Exercise directions: Please repeat the lines of the material below exactly, starting with the one that contains "#207=FACE_BOUND('',#206,.T.);" and ending with the last.

################

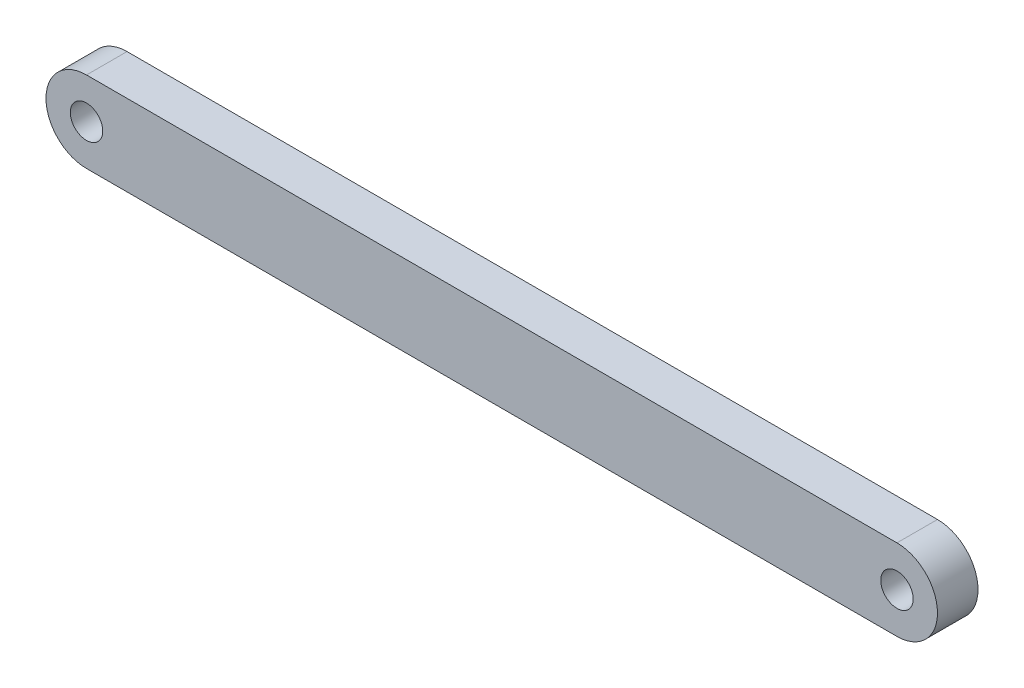
ISO-10303-21;
HEADER;
FILE_DESCRIPTION(('STEP AP214'),'2;1');
FILE_NAME('part.step','',(''),(''),'','','');
FILE_SCHEMA(('AUTOMOTIVE_DESIGN { 1 0 10303 214 1 1 1 1 }'));
ENDSEC;
DATA;
#1=APPLICATION_CONTEXT('core data for automotive mechanical design processes');
#2=APPLICATION_PROTOCOL_DEFINITION('international standard','automotive_design',2000,#1);
#3=PRODUCT_CONTEXT('',#1,'mechanical');
#4=PRODUCT('Part','Part','',(#3));
#5=PRODUCT_RELATED_PRODUCT_CATEGORY('part','',(#4));
#6=PRODUCT_DEFINITION_FORMATION('','',#4);
#7=PRODUCT_DEFINITION_CONTEXT('part definition',#1,'design');
#8=PRODUCT_DEFINITION('design','',#6,#7);
#9=PRODUCT_DEFINITION_SHAPE('','',#8);
#10=(LENGTH_UNIT() NAMED_UNIT(*) SI_UNIT(.MILLI.,.METRE.));
#11=(NAMED_UNIT(*) PLANE_ANGLE_UNIT() SI_UNIT($,.RADIAN.));
#12=(NAMED_UNIT(*) SI_UNIT($,.STERADIAN.) SOLID_ANGLE_UNIT());
#13=UNCERTAINTY_MEASURE_WITH_UNIT(LENGTH_MEASURE(1.E-05),#10,'distance_accuracy_value','');
#14=(GEOMETRIC_REPRESENTATION_CONTEXT(3) GLOBAL_UNCERTAINTY_ASSIGNED_CONTEXT((#13)) GLOBAL_UNIT_ASSIGNED_CONTEXT((#10,
#11,#12)) REPRESENTATION_CONTEXT('',''));
#15=CARTESIAN_POINT('',(0.,0.,0.));
#16=DIRECTION('',(0.,0.,1.));
#17=DIRECTION('',(1.,0.,0.));
#18=AXIS2_PLACEMENT_3D('',#15,#16,#17);
#19=CARTESIAN_POINT('',(-100.,0.,5.));
#20=DIRECTION('',(0.,0.,-1.));
#21=DIRECTION('',(-1.,0.,0.));
#22=AXIS2_PLACEMENT_3D('',#19,#20,#21);
#23=CYLINDRICAL_SURFACE('',#22,10.);
#24=CARTESIAN_POINT('',(-100.,0.,-5.));
#25=DIRECTION('',(0.,0.,1.));
#26=DIRECTION('',(1.,0.,0.));
#27=AXIS2_PLACEMENT_3D('',#24,#25,#26);
#28=CIRCLE('',#27,10.);
#29=CARTESIAN_POINT('',(-100.,10.,-5.));
#30=VERTEX_POINT('',#29);
#31=CARTESIAN_POINT('',(-100.,-10.,-5.));
#32=VERTEX_POINT('',#31);
#33=EDGE_CURVE('E120',#30,#32,#28,.T.);
#34=ORIENTED_EDGE('',*,*,#33,.T.);
#35=DIRECTION('',(0.,0.,-1.));
#36=VECTOR('',#35,1.);
#37=CARTESIAN_POINT('',(-100.,-10.,5.));
#38=LINE('',#37,#36);
#39=CARTESIAN_POINT('',(-100.,-10.,5.));
#40=VERTEX_POINT('',#39);
#41=EDGE_CURVE('E11',#40,#32,#38,.T.);
#42=ORIENTED_EDGE('',*,*,#41,.F.);
#43=CARTESIAN_POINT('',(-100.,0.,5.));
#44=DIRECTION('',(0.,0.,1.));
#45=DIRECTION('',(1.,0.,0.));
#46=AXIS2_PLACEMENT_3D('',#43,#44,#45);
#47=CIRCLE('',#46,10.);
#48=CARTESIAN_POINT('',(-100.,10.,5.));
#49=VERTEX_POINT('',#48);
#50=EDGE_CURVE('E103',#49,#40,#47,.T.);
#51=ORIENTED_EDGE('',*,*,#50,.F.);
#52=DIRECTION('',(0.,0.,-1.));
#53=VECTOR('',#52,1.);
#54=CARTESIAN_POINT('',(-100.,10.,5.));
#55=LINE('',#54,#53);
#56=EDGE_CURVE('E116',#49,#30,#55,.T.);
#57=ORIENTED_EDGE('',*,*,#56,.T.);
#58=EDGE_LOOP('',(#34,#42,#51,#57));
#59=FACE_BOUND('',#58,.T.);
#60=ADVANCED_FACE('F43',(#59),#23,.T.);
#61=CARTESIAN_POINT('',(-100.,-10.,5.));
#62=DIRECTION('',(0.,1.,0.));
#63=DIRECTION('',(-1.,0.,0.));
#64=AXIS2_PLACEMENT_3D('',#61,#62,#63);
#65=PLANE('',#64);
#66=DIRECTION('',(1.,0.,0.));
#67=VECTOR('',#66,1.);
#68=CARTESIAN_POINT('',(-100.,-10.,-5.));
#69=LINE('',#68,#67);
#70=CARTESIAN_POINT('',(100.,-9.99999999999996,-5.));
#71=VERTEX_POINT('',#70);
#72=EDGE_CURVE('E108',#32,#71,#69,.T.);
#73=ORIENTED_EDGE('',*,*,#72,.T.);
#74=DIRECTION('',(0.,0.,-1.));
#75=VECTOR('',#74,1.);
#76=CARTESIAN_POINT('',(100.,-9.99999999999996,5.));
#77=LINE('',#76,#75);
#78=CARTESIAN_POINT('',(100.,-9.99999999999996,5.));
#79=VERTEX_POINT('',#78);
#80=EDGE_CURVE('E52',#79,#71,#77,.T.);
#81=ORIENTED_EDGE('',*,*,#80,.F.);
#82=DIRECTION('',(1.,0.,0.));
#83=VECTOR('',#82,1.);
#84=CARTESIAN_POINT('',(-100.,-10.,5.));
#85=LINE('',#84,#83);
#86=EDGE_CURVE('E98',#40,#79,#85,.T.);
#87=ORIENTED_EDGE('',*,*,#86,.F.);
#88=ORIENTED_EDGE('',*,*,#41,.T.);
#89=EDGE_LOOP('',(#73,#81,#87,#88));
#90=FACE_BOUND('',#89,.T.);
#91=ADVANCED_FACE('F107',(#90),#65,.F.);
#92=CARTESIAN_POINT('',(100.,0.,5.));
#93=DIRECTION('',(0.,0.,-1.));
#94=DIRECTION('',(-1.,0.,0.));
#95=AXIS2_PLACEMENT_3D('',#92,#93,#94);
#96=CYLINDRICAL_SURFACE('',#95,10.);
#97=CARTESIAN_POINT('',(100.,0.,-5.));
#98=DIRECTION('',(0.,0.,1.));
#99=DIRECTION('',(1.,0.,0.));
#100=AXIS2_PLACEMENT_3D('',#97,#98,#99);
#101=CIRCLE('',#100,10.);
#102=CARTESIAN_POINT('',(100.,10.,-5.));
#103=VERTEX_POINT('',#102);
#104=EDGE_CURVE('E84',#71,#103,#101,.T.);
#105=ORIENTED_EDGE('',*,*,#104,.T.);
#106=DIRECTION('',(0.,0.,-1.));
#107=VECTOR('',#106,1.);
#108=CARTESIAN_POINT('',(100.,10.,5.));
#109=LINE('',#108,#107);
#110=CARTESIAN_POINT('',(100.,10.,5.));
#111=VERTEX_POINT('',#110);
#112=EDGE_CURVE('E110',#111,#103,#109,.T.);
#113=ORIENTED_EDGE('',*,*,#112,.F.);
#114=CARTESIAN_POINT('',(100.,0.,5.));
#115=DIRECTION('',(0.,0.,1.));
#116=DIRECTION('',(1.,0.,0.));
#117=AXIS2_PLACEMENT_3D('',#114,#115,#116);
#118=CIRCLE('',#117,10.);
#119=EDGE_CURVE('E101',#79,#111,#118,.T.);
#120=ORIENTED_EDGE('',*,*,#119,.F.);
#121=ORIENTED_EDGE('',*,*,#80,.T.);
#122=EDGE_LOOP('',(#105,#113,#120,#121));
#123=FACE_BOUND('',#122,.T.);
#124=ADVANCED_FACE('F111',(#123),#96,.T.);
#125=CARTESIAN_POINT('',(-100.,10.,5.));
#126=DIRECTION('',(0.,-1.,0.));
#127=DIRECTION('',(1.,0.,0.));
#128=AXIS2_PLACEMENT_3D('',#125,#126,#127);
#129=PLANE('',#128);
#130=DIRECTION('',(-1.,0.,0.));
#131=VECTOR('',#130,1.);
#132=CARTESIAN_POINT('',(-100.,10.,-5.));
#133=LINE('',#132,#131);
#134=EDGE_CURVE('E91',#103,#30,#133,.T.);
#135=ORIENTED_EDGE('',*,*,#134,.T.);
#136=ORIENTED_EDGE('',*,*,#56,.F.);
#137=DIRECTION('',(-1.,0.,0.));
#138=VECTOR('',#137,1.);
#139=CARTESIAN_POINT('',(-100.,10.,5.));
#140=LINE('',#139,#138);
#141=EDGE_CURVE('E62',#111,#49,#140,.T.);
#142=ORIENTED_EDGE('',*,*,#141,.F.);
#143=ORIENTED_EDGE('',*,*,#112,.T.);
#144=EDGE_LOOP('',(#135,#136,#142,#143));
#145=FACE_BOUND('',#144,.T.);
#146=ADVANCED_FACE('F135',(#145),#129,.F.);
#147=CARTESIAN_POINT('',(-100.,0.,5.));
#148=DIRECTION('',(0.,0.,1.));
#149=DIRECTION('',(1.,0.,0.));
#150=AXIS2_PLACEMENT_3D('',#147,#148,#149);
#151=PLANE('',#150);
#152=CARTESIAN_POINT('',(-100.,0.,5.));
#153=DIRECTION('',(0.,0.,1.));
#154=DIRECTION('',(1.,0.,0.));
#155=AXIS2_PLACEMENT_3D('',#152,#153,#154);
#156=CIRCLE('',#155,4.);
#157=CARTESIAN_POINT('',(-96.,0.,5.));
#158=VERTEX_POINT('',#157);
#159=EDGE_CURVE('E151',#158,#158,#156,.T.);
#160=ORIENTED_EDGE('',*,*,#159,.F.);
#161=EDGE_LOOP('',(#160));
#162=FACE_BOUND('',#161,.T.);
#163=CARTESIAN_POINT('',(100.,0.,5.));
#164=DIRECTION('',(0.,0.,1.));
#165=DIRECTION('',(1.,0.,0.));
#166=AXIS2_PLACEMENT_3D('',#163,#164,#165);
#167=CIRCLE('',#166,4.);
#168=CARTESIAN_POINT('',(104.,0.,5.));
#169=VERTEX_POINT('',#168);
#170=EDGE_CURVE('E144',#169,#169,#167,.T.);
#171=ORIENTED_EDGE('',*,*,#170,.F.);
#172=EDGE_LOOP('',(#171));
#173=FACE_BOUND('',#172,.T.);
#174=ORIENTED_EDGE('',*,*,#50,.T.);
#175=ORIENTED_EDGE('',*,*,#86,.T.);
#176=ORIENTED_EDGE('',*,*,#119,.T.);
#177=ORIENTED_EDGE('',*,*,#141,.T.);
#178=EDGE_LOOP('',(#174,#175,#176,#177));
#179=FACE_BOUND('',#178,.T.);
#180=ADVANCED_FACE('F99',(#162,#173,#179),#151,.T.);
#181=CARTESIAN_POINT('',(-100.,0.,-5.));
#182=DIRECTION('',(0.,0.,1.));
#183=DIRECTION('',(1.,0.,0.));
#184=AXIS2_PLACEMENT_3D('',#181,#182,#183);
#185=PLANE('',#184);
#186=CARTESIAN_POINT('',(-100.,0.,-5.));
#187=DIRECTION('',(0.,0.,1.));
#188=DIRECTION('',(1.,0.,0.));
#189=AXIS2_PLACEMENT_3D('',#186,#187,#188);
#190=CIRCLE('',#189,4.);
#191=CARTESIAN_POINT('',(-96.,0.,-5.));
#192=VERTEX_POINT('',#191);
#193=EDGE_CURVE('E147',#192,#192,#190,.T.);
#194=ORIENTED_EDGE('',*,*,#193,.T.);
#195=EDGE_LOOP('',(#194));
#196=FACE_BOUND('',#195,.T.);
#197=CARTESIAN_POINT('',(100.,0.,-5.));
#198=DIRECTION('',(0.,0.,1.));
#199=DIRECTION('',(1.,0.,0.));
#200=AXIS2_PLACEMENT_3D('',#197,#198,#199);
#201=CIRCLE('',#200,4.);
#202=CARTESIAN_POINT('',(104.,0.,-5.));
#203=VERTEX_POINT('',#202);
#204=EDGE_CURVE('E124',#203,#203,#201,.T.);
#205=ORIENTED_EDGE('',*,*,#204,.T.);
#206=EDGE_LOOP('',(#205));
#207=FACE_BOUND('',#206,.T.);
#208=ORIENTED_EDGE('',*,*,#33,.F.);
#209=ORIENTED_EDGE('',*,*,#134,.F.);
#210=ORIENTED_EDGE('',*,*,#104,.F.);
#211=ORIENTED_EDGE('',*,*,#72,.F.);
#212=EDGE_LOOP('',(#208,#209,#210,#211));
#213=FACE_BOUND('',#212,.T.);
#214=ADVANCED_FACE('F138',(#196,#207,#213),#185,.F.);
#215=CARTESIAN_POINT('',(100.,0.,5.));
#216=DIRECTION('',(0.,0.,1.));
#217=DIRECTION('',(1.,0.,0.));
#218=AXIS2_PLACEMENT_3D('',#215,#216,#217);
#219=CYLINDRICAL_SURFACE('',#218,4.);
#220=ORIENTED_EDGE('',*,*,#204,.F.);
#221=EDGE_LOOP('',(#220));
#222=FACE_BOUND('',#221,.T.);
#223=ORIENTED_EDGE('',*,*,#170,.T.);
#224=EDGE_LOOP('',(#223));
#225=FACE_BOUND('',#224,.T.);
#226=ADVANCED_FACE('F163',(#222,#225),#219,.F.);
#227=CARTESIAN_POINT('',(-100.,0.,5.));
#228=DIRECTION('',(0.,0.,1.));
#229=DIRECTION('',(1.,0.,0.));
#230=AXIS2_PLACEMENT_3D('',#227,#228,#229);
#231=CYLINDRICAL_SURFACE('',#230,4.);
#232=ORIENTED_EDGE('',*,*,#193,.F.);
#233=EDGE_LOOP('',(#232));
#234=FACE_BOUND('',#233,.T.);
#235=ORIENTED_EDGE('',*,*,#159,.T.);
#236=EDGE_LOOP('',(#235));
#237=FACE_BOUND('',#236,.T.);
#238=ADVANCED_FACE('F156',(#234,#237),#231,.F.);
#239=CLOSED_SHELL('',(#60,#91,#124,#146,#180,#214,#226,#238));
#240=MANIFOLD_SOLID_BREP('B2',#239);
#241=ADVANCED_BREP_SHAPE_REPRESENTATION('',(#18,#240),#14);
#242=SHAPE_DEFINITION_REPRESENTATION(#9,#241);
ENDSEC;
END-ISO-10303-21;

################

Solved exercise:
#207=FACE_BOUND('',#206,.T.);
#208=ORIENTED_EDGE('',*,*,#33,.F.);
#209=ORIENTED_EDGE('',*,*,#134,.F.);
#210=ORIENTED_EDGE('',*,*,#104,.F.);
#211=ORIENTED_EDGE('',*,*,#72,.F.);
#212=EDGE_LOOP('',(#208,#209,#210,#211));
#213=FACE_BOUND('',#212,.T.);
#214=ADVANCED_FACE('F138',(#196,#207,#213),#185,.F.);
#215=CARTESIAN_POINT('',(100.,0.,5.));
#216=DIRECTION('',(0.,0.,1.));
#217=DIRECTION('',(1.,0.,0.));
#218=AXIS2_PLACEMENT_3D('',#215,#216,#217);
#219=CYLINDRICAL_SURFACE('',#218,4.);
#220=ORIENTED_EDGE('',*,*,#204,.F.);
#221=EDGE_LOOP('',(#220));
#222=FACE_BOUND('',#221,.T.);
#223=ORIENTED_EDGE('',*,*,#170,.T.);
#224=EDGE_LOOP('',(#223));
#225=FACE_BOUND('',#224,.T.);
#226=ADVANCED_FACE('F163',(#222,#225),#219,.F.);
#227=CARTESIAN_POINT('',(-100.,0.,5.));
#228=DIRECTION('',(0.,0.,1.));
#229=DIRECTION('',(1.,0.,0.));
#230=AXIS2_PLACEMENT_3D('',#227,#228,#229);
#231=CYLINDRICAL_SURFACE('',#230,4.);
#232=ORIENTED_EDGE('',*,*,#193,.F.);
#233=EDGE_LOOP('',(#232));
#234=FACE_BOUND('',#233,.T.);
#235=ORIENTED_EDGE('',*,*,#159,.T.);
#236=EDGE_LOOP('',(#235));
#237=FACE_BOUND('',#236,.T.);
#238=ADVANCED_FACE('F156',(#234,#237),#231,.F.);
#239=CLOSED_SHELL('',(#60,#91,#124,#146,#180,#214,#226,#238));
#240=MANIFOLD_SOLID_BREP('B2',#239);
#241=ADVANCED_BREP_SHAPE_REPRESENTATION('',(#18,#240),#14);
#242=SHAPE_DEFINITION_REPRESENTATION(#9,#241);
ENDSEC;
END-ISO-10303-21;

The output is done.